Work required: Show each line of the data below in which "alike" occurs.

Records from a collection
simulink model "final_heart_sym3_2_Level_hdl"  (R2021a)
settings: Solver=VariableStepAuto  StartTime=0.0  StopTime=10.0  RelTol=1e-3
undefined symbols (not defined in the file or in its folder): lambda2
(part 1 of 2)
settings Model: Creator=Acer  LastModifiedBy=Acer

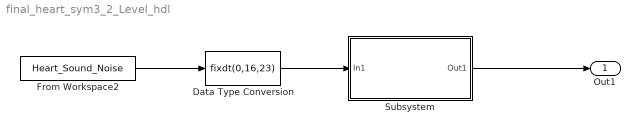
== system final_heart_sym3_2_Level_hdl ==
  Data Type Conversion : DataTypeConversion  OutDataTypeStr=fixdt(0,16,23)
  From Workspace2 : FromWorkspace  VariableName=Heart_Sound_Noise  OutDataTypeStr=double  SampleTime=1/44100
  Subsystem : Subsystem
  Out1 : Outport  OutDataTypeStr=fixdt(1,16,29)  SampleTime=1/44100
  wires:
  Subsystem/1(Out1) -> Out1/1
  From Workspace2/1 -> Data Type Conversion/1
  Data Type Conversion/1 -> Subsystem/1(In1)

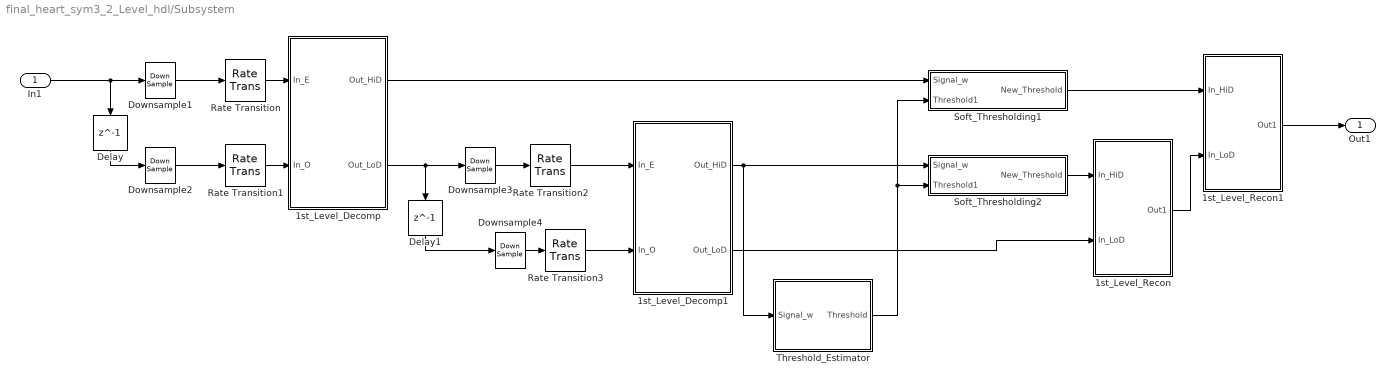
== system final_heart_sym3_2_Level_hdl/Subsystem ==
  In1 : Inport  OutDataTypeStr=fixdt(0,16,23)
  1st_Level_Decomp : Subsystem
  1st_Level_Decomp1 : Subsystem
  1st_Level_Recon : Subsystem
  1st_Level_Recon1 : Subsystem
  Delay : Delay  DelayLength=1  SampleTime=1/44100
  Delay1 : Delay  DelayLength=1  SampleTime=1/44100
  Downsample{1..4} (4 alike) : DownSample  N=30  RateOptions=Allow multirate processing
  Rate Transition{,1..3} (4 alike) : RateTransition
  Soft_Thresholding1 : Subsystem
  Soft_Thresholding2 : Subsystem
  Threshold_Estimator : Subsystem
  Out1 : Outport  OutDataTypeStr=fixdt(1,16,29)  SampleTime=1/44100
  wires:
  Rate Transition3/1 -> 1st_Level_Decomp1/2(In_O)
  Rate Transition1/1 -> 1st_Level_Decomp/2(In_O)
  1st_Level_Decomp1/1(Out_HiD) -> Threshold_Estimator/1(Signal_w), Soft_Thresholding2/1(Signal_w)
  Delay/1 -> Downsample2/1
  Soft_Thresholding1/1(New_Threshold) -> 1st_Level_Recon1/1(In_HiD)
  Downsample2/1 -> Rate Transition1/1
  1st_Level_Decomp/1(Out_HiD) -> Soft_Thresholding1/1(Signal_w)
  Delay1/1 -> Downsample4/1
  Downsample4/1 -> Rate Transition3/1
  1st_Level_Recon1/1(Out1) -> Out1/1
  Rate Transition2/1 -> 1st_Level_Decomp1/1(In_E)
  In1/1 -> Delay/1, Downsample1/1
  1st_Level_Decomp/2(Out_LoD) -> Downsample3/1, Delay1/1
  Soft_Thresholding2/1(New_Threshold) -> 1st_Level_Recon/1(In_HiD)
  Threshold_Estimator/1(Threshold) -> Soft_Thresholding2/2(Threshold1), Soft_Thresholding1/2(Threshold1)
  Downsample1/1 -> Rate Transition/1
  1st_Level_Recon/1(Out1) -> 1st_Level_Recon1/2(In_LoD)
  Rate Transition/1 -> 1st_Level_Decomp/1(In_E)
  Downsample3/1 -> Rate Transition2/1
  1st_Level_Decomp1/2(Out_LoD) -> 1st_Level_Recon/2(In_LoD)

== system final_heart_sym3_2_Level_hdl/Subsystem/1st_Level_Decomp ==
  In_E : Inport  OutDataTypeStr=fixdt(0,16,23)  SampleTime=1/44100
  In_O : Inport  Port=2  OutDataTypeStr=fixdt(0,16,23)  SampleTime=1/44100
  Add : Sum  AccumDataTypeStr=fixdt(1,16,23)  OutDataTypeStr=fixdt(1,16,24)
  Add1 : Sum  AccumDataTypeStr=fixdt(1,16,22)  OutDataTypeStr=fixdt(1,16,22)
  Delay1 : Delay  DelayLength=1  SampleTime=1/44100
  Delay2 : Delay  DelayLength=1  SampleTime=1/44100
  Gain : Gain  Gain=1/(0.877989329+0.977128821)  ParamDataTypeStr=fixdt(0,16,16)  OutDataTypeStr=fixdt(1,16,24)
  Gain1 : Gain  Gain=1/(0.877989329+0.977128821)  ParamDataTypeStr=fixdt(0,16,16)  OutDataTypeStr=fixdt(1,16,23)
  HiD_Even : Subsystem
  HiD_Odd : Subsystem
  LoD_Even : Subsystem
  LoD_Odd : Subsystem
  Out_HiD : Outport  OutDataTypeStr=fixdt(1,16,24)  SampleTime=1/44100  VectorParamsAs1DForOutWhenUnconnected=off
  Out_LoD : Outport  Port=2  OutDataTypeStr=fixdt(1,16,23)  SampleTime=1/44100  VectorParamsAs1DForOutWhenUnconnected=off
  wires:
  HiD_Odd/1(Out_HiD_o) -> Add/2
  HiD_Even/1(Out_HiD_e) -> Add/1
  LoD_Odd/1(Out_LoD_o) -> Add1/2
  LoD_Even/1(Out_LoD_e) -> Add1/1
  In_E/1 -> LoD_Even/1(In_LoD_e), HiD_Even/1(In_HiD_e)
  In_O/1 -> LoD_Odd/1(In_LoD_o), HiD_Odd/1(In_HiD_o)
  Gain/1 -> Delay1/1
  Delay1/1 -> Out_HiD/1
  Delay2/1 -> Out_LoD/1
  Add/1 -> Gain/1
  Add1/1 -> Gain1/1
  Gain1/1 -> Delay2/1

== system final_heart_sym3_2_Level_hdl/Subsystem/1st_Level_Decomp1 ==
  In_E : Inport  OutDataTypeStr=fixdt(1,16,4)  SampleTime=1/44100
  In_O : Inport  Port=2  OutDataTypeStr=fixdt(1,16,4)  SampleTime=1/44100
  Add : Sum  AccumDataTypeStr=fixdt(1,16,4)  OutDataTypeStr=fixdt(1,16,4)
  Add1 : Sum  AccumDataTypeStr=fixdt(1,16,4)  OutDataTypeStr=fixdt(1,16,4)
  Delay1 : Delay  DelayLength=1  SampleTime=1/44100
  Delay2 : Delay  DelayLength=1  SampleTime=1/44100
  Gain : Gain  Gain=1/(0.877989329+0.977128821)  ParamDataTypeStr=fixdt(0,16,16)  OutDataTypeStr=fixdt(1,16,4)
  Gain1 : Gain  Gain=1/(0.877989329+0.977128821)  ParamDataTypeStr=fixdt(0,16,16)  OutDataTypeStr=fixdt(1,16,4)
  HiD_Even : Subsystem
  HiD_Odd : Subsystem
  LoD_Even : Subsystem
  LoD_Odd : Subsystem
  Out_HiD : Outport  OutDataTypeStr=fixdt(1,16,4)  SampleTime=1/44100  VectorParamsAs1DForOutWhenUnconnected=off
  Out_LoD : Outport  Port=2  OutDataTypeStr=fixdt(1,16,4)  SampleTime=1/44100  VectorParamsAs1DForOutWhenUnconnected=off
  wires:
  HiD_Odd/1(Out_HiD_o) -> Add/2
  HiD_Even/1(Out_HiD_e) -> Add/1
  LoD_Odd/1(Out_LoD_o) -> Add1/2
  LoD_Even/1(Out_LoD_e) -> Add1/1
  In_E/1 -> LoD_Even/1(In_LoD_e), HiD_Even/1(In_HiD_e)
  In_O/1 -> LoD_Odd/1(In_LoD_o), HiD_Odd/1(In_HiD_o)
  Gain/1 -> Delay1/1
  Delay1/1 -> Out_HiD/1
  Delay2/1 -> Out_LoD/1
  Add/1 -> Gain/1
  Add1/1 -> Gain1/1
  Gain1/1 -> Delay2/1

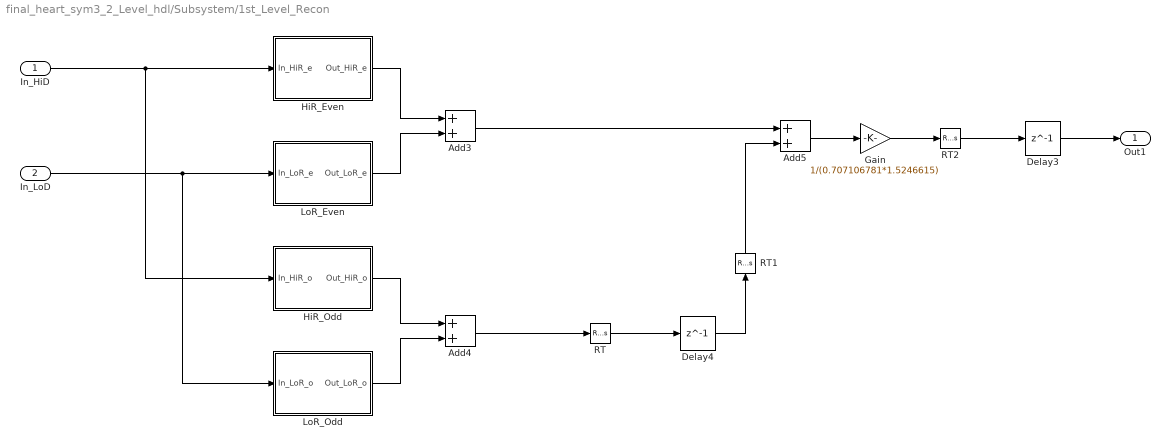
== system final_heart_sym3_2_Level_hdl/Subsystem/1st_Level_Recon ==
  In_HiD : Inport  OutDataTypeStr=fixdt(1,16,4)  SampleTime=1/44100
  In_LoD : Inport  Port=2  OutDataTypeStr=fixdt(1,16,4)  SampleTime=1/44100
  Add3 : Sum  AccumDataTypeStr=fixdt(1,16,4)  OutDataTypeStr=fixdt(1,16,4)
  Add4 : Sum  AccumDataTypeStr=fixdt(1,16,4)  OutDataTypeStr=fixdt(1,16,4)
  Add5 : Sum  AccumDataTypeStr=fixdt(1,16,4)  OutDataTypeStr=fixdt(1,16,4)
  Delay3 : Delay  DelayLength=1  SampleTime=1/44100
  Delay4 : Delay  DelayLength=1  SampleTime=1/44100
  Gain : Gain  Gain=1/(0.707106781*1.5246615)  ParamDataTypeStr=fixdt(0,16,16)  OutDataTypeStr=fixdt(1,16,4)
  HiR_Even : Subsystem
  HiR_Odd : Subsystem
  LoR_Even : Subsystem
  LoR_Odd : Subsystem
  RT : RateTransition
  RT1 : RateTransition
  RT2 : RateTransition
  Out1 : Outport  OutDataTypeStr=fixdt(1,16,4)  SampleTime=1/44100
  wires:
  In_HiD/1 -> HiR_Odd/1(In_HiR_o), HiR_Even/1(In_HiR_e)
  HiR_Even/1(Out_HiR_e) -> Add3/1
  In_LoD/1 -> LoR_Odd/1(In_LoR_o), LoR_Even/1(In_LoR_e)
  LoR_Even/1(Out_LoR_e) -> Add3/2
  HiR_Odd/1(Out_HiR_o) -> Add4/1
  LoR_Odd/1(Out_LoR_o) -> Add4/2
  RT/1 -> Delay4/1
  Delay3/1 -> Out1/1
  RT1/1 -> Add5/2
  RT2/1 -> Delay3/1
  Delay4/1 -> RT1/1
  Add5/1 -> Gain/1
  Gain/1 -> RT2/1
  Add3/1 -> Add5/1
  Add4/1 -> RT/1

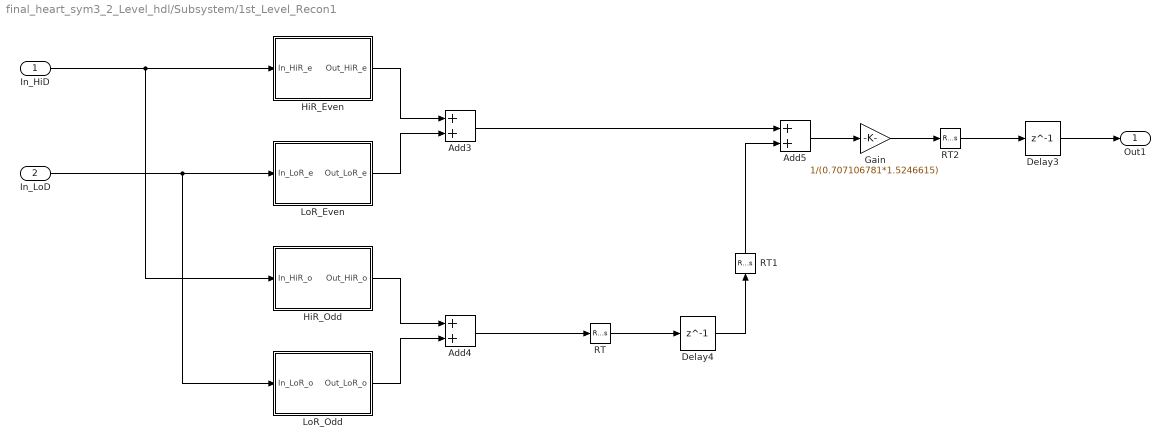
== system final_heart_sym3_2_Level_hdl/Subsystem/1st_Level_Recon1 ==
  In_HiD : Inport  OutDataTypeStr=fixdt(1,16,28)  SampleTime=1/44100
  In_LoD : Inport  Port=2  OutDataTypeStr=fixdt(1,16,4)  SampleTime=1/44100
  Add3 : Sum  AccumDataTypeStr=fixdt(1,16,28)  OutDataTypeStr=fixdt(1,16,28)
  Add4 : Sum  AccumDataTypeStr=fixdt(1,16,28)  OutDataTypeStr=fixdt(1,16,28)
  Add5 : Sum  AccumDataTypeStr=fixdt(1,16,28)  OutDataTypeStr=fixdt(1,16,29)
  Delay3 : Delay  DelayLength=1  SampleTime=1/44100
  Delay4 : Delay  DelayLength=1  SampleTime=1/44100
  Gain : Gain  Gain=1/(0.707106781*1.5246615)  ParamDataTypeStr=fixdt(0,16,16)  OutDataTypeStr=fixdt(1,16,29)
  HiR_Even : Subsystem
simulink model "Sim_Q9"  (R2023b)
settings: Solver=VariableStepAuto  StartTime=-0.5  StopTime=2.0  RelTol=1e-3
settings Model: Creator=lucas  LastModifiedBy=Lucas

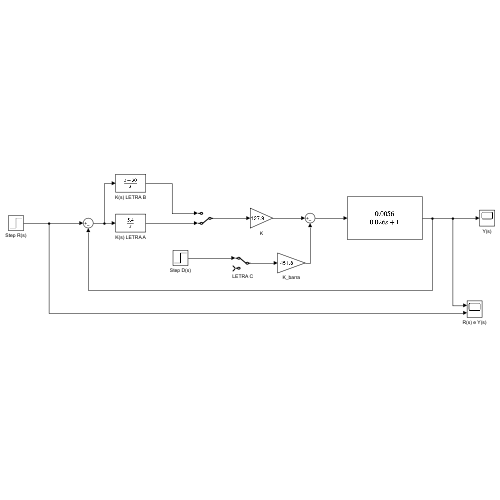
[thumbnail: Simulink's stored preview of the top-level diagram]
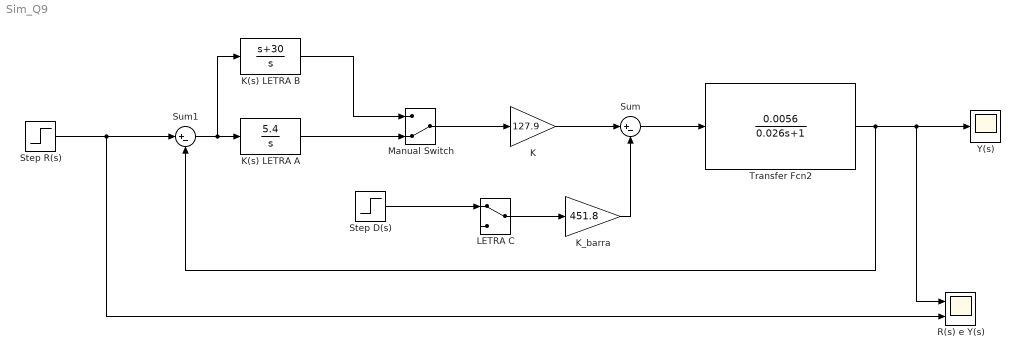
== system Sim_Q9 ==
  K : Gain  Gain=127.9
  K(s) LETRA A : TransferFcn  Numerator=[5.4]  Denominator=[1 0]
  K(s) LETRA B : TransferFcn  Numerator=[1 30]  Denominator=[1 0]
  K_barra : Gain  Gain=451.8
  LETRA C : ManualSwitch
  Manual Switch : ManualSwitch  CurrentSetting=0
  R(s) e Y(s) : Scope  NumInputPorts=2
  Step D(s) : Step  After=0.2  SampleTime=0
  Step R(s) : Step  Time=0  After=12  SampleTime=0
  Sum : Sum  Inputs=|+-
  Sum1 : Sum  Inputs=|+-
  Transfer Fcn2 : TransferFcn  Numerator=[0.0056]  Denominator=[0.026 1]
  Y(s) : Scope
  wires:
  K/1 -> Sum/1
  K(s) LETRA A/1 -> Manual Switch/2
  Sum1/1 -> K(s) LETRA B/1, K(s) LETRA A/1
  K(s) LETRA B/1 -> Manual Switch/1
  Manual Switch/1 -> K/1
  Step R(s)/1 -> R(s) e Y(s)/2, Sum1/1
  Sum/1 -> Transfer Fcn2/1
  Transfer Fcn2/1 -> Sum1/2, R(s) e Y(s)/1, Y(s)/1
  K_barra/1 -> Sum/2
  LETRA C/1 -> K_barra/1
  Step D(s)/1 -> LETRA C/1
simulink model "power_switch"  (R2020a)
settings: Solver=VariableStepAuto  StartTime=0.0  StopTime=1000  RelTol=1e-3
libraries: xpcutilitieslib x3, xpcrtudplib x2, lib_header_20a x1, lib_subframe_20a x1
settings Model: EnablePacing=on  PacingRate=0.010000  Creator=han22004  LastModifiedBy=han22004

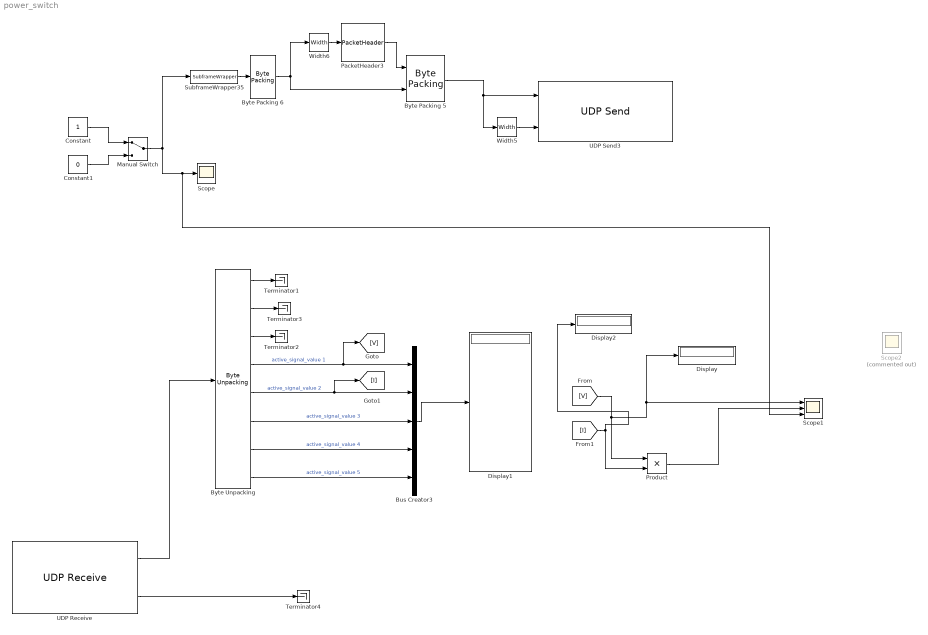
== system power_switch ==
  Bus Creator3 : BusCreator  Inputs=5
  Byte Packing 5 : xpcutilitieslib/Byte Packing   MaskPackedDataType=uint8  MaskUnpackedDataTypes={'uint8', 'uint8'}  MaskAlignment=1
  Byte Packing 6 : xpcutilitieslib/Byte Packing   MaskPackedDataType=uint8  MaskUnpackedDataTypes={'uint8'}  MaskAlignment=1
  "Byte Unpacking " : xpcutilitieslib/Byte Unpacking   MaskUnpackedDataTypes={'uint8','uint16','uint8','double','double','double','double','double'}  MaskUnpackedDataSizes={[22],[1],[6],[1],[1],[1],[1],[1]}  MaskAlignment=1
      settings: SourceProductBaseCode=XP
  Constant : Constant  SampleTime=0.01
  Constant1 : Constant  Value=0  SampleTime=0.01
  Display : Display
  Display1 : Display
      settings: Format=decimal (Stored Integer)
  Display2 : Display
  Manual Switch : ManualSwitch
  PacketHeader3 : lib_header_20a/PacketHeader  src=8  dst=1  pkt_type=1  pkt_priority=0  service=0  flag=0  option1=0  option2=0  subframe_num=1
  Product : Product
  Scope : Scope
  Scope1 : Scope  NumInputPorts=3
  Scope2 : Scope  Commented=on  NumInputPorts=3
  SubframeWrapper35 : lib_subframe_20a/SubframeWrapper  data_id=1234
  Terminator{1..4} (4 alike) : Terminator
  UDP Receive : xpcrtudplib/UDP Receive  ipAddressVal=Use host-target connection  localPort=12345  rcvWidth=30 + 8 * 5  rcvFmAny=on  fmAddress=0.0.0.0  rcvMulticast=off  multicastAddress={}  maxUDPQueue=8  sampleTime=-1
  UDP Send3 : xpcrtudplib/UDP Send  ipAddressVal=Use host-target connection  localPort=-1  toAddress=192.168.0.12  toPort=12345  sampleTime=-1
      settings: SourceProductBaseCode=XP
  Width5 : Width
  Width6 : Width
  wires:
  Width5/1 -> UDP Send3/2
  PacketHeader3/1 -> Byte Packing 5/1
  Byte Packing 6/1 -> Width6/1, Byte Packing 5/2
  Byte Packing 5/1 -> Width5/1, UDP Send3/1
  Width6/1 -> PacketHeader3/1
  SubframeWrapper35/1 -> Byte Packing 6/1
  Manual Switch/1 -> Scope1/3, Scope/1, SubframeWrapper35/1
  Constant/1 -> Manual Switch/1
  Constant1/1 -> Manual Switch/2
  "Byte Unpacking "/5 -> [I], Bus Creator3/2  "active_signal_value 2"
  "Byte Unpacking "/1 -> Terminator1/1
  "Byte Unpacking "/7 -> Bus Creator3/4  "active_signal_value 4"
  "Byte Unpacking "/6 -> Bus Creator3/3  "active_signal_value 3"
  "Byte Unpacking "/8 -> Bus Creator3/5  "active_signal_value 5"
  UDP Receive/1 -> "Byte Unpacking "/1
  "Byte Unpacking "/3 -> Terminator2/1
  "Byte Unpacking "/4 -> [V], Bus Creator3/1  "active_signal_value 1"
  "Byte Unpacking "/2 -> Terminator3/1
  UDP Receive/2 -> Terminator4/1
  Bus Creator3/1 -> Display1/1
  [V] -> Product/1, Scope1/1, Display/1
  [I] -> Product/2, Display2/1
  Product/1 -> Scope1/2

Solution:
  Downsample{1..4} (4 alike) : DownSample  N=30  RateOptions=Allow multirate processing
  Rate Transition{,1..3} (4 alike) : RateTransition
  Terminator{1..4} (4 alike) : Terminator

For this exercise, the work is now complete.